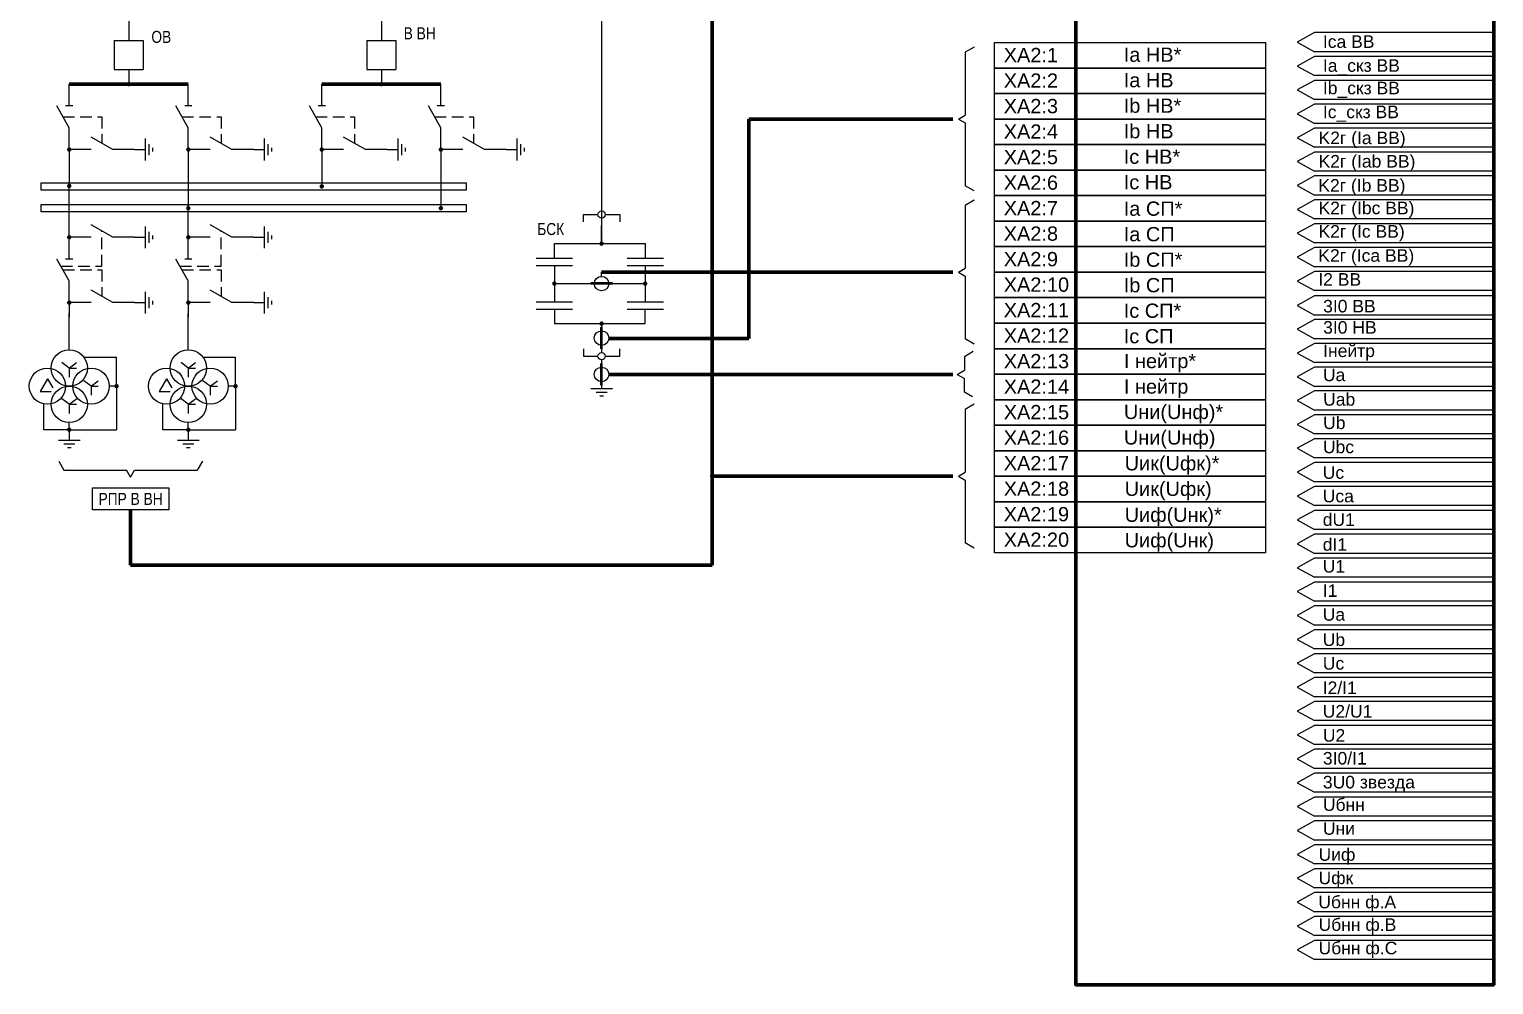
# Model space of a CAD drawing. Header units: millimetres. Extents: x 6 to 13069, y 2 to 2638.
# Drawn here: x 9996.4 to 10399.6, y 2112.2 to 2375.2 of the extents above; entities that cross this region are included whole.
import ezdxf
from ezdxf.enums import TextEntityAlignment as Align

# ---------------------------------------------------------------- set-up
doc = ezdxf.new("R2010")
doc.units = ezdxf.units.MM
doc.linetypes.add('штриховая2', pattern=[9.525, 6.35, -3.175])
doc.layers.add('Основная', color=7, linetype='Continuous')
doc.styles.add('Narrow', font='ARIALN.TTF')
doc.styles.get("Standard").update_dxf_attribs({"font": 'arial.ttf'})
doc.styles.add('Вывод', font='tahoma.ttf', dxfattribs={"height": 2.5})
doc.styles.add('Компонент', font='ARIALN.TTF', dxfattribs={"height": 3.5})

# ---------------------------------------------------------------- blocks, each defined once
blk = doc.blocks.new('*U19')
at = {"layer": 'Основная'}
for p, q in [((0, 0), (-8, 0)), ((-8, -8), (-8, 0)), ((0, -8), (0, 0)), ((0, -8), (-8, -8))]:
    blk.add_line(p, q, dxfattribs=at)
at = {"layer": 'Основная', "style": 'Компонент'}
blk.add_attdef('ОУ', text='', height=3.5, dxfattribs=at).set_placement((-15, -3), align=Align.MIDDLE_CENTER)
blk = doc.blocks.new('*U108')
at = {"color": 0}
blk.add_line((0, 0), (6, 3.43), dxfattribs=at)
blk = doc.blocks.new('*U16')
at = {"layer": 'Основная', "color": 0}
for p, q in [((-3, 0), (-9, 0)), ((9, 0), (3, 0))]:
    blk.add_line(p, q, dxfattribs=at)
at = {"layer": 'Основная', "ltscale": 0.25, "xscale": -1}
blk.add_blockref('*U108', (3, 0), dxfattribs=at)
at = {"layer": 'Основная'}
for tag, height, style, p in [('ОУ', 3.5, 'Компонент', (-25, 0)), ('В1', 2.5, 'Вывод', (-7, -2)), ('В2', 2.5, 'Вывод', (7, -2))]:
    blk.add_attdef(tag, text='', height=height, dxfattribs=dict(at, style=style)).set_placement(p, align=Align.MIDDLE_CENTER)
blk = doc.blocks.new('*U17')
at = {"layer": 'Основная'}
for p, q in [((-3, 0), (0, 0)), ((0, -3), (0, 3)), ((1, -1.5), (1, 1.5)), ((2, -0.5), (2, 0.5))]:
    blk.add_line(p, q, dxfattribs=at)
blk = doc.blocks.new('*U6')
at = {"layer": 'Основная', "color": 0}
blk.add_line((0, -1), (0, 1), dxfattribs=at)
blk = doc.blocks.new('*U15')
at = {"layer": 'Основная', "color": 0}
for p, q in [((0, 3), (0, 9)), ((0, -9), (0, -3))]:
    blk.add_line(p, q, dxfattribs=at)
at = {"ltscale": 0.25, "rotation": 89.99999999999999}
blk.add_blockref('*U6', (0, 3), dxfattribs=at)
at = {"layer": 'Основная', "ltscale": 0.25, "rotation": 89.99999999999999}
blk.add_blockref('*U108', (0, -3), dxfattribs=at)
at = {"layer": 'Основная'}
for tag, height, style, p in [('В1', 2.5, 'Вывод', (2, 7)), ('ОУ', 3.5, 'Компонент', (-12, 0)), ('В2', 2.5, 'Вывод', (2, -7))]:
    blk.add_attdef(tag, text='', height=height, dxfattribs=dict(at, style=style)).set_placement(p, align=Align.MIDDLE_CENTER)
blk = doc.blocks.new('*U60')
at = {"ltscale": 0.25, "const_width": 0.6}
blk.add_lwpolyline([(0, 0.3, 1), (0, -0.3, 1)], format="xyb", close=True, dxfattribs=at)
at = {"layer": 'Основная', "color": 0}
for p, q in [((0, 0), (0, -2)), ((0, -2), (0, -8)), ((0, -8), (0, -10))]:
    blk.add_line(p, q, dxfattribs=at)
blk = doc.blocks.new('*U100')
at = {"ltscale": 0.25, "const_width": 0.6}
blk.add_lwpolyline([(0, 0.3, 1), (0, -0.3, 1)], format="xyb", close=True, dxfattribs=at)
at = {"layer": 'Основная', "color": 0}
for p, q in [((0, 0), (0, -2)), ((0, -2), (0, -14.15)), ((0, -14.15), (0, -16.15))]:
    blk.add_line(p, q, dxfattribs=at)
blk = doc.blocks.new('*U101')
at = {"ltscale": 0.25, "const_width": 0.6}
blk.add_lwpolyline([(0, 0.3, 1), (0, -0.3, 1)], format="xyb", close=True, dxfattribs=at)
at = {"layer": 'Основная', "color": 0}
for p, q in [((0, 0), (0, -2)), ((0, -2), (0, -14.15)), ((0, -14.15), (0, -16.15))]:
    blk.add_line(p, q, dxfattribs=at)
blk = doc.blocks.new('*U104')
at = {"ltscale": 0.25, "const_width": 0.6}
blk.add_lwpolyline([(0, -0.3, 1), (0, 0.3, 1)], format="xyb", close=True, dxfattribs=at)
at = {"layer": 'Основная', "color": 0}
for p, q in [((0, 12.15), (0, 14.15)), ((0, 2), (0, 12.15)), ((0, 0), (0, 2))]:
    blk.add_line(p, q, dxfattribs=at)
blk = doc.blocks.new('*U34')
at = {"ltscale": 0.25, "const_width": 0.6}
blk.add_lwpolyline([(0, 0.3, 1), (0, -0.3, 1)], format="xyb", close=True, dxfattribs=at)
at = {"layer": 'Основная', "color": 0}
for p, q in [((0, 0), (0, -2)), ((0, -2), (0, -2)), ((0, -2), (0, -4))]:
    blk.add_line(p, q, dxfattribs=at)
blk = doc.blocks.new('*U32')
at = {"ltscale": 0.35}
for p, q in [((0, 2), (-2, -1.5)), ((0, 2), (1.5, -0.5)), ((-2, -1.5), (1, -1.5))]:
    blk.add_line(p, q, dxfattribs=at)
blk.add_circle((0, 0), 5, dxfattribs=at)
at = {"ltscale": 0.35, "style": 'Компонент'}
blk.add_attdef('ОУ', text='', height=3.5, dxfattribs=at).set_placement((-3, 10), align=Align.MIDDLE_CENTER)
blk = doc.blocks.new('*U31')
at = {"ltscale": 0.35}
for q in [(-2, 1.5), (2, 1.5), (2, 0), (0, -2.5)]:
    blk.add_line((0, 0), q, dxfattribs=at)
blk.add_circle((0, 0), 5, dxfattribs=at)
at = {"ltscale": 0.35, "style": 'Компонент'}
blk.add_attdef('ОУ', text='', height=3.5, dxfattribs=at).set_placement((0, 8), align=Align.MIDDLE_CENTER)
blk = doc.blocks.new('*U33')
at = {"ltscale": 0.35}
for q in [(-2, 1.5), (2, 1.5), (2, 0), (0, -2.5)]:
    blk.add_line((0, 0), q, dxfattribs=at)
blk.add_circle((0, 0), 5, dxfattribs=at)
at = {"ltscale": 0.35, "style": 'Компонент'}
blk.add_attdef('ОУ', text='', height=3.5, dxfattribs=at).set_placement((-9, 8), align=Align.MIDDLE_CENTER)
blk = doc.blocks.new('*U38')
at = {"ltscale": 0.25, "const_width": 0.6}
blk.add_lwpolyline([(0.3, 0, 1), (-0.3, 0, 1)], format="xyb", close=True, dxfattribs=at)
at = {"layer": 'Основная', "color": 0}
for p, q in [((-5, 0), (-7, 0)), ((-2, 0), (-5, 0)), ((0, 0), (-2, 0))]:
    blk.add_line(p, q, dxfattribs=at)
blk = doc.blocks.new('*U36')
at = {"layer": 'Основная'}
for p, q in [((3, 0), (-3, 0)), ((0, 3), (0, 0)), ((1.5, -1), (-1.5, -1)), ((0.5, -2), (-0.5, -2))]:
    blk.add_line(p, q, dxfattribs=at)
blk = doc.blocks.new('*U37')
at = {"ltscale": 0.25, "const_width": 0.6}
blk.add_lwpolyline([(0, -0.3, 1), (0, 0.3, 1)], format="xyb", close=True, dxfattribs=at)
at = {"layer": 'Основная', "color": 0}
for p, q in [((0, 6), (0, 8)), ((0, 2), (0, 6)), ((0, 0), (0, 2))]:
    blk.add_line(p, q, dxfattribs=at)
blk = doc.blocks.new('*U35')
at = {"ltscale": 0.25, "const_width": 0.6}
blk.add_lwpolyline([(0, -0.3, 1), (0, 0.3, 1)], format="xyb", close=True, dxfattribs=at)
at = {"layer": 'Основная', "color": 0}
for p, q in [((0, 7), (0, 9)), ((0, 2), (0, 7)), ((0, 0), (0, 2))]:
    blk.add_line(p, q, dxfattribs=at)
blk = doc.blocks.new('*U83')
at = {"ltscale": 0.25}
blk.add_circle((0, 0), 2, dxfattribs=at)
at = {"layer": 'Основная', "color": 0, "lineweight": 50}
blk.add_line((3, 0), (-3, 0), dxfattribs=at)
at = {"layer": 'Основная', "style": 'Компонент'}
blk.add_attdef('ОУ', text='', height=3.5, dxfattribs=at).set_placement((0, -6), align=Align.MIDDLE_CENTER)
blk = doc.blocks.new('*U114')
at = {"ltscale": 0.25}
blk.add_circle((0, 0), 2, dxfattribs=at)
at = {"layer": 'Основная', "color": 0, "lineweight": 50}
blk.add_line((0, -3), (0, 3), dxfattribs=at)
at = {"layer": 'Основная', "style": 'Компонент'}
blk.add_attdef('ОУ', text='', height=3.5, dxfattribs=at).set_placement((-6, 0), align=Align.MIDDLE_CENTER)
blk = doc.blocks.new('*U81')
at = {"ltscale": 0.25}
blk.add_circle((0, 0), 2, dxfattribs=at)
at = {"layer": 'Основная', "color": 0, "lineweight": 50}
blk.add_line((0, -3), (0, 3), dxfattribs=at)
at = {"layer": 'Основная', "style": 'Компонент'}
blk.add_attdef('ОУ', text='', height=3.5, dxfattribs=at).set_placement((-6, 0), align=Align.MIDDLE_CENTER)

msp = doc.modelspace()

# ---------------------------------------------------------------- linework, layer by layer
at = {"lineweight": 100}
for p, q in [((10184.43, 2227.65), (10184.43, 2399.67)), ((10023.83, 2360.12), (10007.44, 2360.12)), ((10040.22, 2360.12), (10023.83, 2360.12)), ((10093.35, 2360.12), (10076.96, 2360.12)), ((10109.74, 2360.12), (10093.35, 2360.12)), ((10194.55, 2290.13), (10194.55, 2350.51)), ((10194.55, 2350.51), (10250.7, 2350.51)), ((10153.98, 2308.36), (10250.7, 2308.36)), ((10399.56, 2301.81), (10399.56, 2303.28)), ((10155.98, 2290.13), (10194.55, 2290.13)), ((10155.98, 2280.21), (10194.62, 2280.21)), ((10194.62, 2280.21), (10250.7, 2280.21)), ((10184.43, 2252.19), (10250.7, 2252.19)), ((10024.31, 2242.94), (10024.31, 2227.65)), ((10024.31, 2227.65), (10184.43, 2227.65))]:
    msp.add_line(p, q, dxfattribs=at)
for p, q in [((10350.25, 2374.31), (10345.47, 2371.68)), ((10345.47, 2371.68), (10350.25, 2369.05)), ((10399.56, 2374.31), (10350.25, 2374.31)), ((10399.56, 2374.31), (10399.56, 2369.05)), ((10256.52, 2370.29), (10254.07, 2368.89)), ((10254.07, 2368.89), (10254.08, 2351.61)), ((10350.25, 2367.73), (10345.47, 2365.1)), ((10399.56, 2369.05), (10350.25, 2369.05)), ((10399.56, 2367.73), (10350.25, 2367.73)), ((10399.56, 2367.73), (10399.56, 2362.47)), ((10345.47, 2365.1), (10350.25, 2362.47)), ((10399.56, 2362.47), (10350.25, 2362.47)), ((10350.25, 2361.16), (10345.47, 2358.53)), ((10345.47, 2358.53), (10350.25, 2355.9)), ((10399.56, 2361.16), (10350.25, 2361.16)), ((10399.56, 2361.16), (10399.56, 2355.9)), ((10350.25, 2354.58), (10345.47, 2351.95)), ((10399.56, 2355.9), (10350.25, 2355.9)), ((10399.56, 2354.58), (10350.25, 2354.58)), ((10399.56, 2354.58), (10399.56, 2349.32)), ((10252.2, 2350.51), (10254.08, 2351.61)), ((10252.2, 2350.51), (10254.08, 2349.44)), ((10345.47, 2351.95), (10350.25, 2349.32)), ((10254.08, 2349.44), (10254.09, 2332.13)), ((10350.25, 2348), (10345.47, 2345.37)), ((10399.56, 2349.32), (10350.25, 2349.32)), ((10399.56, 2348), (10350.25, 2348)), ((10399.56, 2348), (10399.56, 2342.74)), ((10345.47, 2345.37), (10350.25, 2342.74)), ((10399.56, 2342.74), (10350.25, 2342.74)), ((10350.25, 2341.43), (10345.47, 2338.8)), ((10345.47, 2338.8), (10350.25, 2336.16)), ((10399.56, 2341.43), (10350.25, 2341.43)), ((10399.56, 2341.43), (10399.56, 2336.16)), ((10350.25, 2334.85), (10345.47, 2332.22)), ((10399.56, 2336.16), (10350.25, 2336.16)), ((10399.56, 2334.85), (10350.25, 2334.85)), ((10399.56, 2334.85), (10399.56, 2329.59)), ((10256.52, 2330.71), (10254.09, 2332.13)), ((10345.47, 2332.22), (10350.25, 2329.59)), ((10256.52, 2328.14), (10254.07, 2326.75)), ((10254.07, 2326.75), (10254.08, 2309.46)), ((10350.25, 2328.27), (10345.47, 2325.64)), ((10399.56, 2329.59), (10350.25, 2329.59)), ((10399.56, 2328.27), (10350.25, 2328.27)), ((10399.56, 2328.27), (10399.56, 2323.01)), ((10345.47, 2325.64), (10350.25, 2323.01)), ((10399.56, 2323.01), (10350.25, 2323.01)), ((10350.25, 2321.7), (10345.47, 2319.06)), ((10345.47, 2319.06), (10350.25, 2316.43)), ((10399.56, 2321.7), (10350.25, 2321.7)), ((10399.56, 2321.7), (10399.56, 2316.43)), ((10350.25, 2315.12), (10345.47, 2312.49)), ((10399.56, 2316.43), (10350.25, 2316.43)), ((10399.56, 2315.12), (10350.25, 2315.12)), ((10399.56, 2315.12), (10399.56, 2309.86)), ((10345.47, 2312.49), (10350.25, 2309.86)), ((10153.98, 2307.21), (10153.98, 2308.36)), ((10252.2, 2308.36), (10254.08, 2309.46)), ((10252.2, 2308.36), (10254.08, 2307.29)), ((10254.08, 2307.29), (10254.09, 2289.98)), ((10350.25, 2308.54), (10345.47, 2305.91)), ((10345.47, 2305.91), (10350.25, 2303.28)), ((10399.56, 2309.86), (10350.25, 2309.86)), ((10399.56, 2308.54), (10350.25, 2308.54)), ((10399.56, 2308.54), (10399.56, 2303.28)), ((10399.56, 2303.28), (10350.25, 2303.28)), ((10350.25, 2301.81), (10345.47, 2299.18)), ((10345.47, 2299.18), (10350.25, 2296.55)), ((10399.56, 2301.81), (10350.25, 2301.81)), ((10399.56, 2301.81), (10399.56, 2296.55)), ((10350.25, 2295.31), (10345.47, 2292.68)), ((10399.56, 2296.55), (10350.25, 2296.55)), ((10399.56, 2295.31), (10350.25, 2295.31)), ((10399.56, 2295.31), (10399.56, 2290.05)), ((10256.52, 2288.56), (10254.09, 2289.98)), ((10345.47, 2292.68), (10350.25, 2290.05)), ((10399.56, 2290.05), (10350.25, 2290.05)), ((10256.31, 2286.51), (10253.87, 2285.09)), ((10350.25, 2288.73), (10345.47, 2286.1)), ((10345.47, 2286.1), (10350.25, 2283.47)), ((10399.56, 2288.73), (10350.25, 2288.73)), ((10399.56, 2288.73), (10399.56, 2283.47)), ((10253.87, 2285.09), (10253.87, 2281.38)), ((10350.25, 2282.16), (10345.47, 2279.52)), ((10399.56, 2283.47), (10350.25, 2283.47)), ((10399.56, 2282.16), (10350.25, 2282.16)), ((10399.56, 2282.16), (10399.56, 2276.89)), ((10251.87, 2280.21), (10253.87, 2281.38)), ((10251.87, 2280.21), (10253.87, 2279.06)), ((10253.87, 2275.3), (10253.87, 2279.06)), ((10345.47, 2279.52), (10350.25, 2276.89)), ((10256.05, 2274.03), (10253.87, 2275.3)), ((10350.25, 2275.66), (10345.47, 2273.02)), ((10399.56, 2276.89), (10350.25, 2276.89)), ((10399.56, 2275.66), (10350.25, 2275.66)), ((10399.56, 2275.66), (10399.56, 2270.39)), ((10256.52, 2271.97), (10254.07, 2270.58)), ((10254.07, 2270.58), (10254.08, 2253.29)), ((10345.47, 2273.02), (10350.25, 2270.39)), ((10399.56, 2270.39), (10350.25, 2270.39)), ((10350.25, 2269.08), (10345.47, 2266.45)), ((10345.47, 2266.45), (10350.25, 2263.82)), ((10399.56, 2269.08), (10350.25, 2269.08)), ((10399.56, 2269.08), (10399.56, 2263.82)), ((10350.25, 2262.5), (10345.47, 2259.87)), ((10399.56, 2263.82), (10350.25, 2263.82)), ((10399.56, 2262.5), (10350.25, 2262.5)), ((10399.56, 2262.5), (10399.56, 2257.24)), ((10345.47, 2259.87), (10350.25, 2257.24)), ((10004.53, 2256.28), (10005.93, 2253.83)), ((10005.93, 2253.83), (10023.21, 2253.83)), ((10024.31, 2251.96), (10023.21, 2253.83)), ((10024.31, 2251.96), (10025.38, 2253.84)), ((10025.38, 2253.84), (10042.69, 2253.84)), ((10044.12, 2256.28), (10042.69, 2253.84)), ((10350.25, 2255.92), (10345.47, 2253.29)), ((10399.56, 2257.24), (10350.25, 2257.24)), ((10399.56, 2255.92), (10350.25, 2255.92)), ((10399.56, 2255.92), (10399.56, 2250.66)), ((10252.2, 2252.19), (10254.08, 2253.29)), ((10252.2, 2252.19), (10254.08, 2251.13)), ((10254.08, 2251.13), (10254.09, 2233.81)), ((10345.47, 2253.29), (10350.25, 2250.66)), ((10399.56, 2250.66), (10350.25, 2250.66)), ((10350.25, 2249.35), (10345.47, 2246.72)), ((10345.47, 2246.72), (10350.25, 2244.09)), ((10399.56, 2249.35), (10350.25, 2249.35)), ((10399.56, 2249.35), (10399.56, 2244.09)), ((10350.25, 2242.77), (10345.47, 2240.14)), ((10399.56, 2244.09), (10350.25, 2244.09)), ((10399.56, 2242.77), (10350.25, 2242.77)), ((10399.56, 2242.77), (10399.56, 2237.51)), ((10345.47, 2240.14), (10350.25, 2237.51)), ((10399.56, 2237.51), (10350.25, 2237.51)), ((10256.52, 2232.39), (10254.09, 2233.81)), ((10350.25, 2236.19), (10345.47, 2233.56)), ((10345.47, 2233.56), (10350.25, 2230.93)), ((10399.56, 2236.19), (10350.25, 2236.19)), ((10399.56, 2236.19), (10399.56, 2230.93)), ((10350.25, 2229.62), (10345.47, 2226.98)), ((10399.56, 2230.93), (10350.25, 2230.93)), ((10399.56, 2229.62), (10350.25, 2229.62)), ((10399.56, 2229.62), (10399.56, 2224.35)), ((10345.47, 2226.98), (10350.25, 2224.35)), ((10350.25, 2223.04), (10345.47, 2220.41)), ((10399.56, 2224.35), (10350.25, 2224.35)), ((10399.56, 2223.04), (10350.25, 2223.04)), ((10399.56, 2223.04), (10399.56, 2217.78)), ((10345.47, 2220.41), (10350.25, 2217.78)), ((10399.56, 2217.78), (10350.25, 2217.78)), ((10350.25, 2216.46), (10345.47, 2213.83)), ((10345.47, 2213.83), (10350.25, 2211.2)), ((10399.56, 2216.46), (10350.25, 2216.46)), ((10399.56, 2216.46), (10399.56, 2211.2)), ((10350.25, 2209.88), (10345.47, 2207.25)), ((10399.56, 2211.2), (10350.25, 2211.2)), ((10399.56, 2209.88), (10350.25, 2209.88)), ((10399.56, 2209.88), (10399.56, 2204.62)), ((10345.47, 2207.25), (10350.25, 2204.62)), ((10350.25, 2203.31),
================================
ACTIVITY -
Select all lines in the listing above where the word "font" appears, and show them.

EXERCISE RESULT -
doc.styles.add('Narrow', font='ARIALN.TTF')
doc.styles.get("Standard").update_dxf_attribs({"font": 'arial.ttf'})
doc.styles.add('Вывод', font='tahoma.ttf', dxfattribs={"height": 2.5})
doc.styles.add('Компонент', font='ARIALN.TTF', dxfattribs={"height": 3.5})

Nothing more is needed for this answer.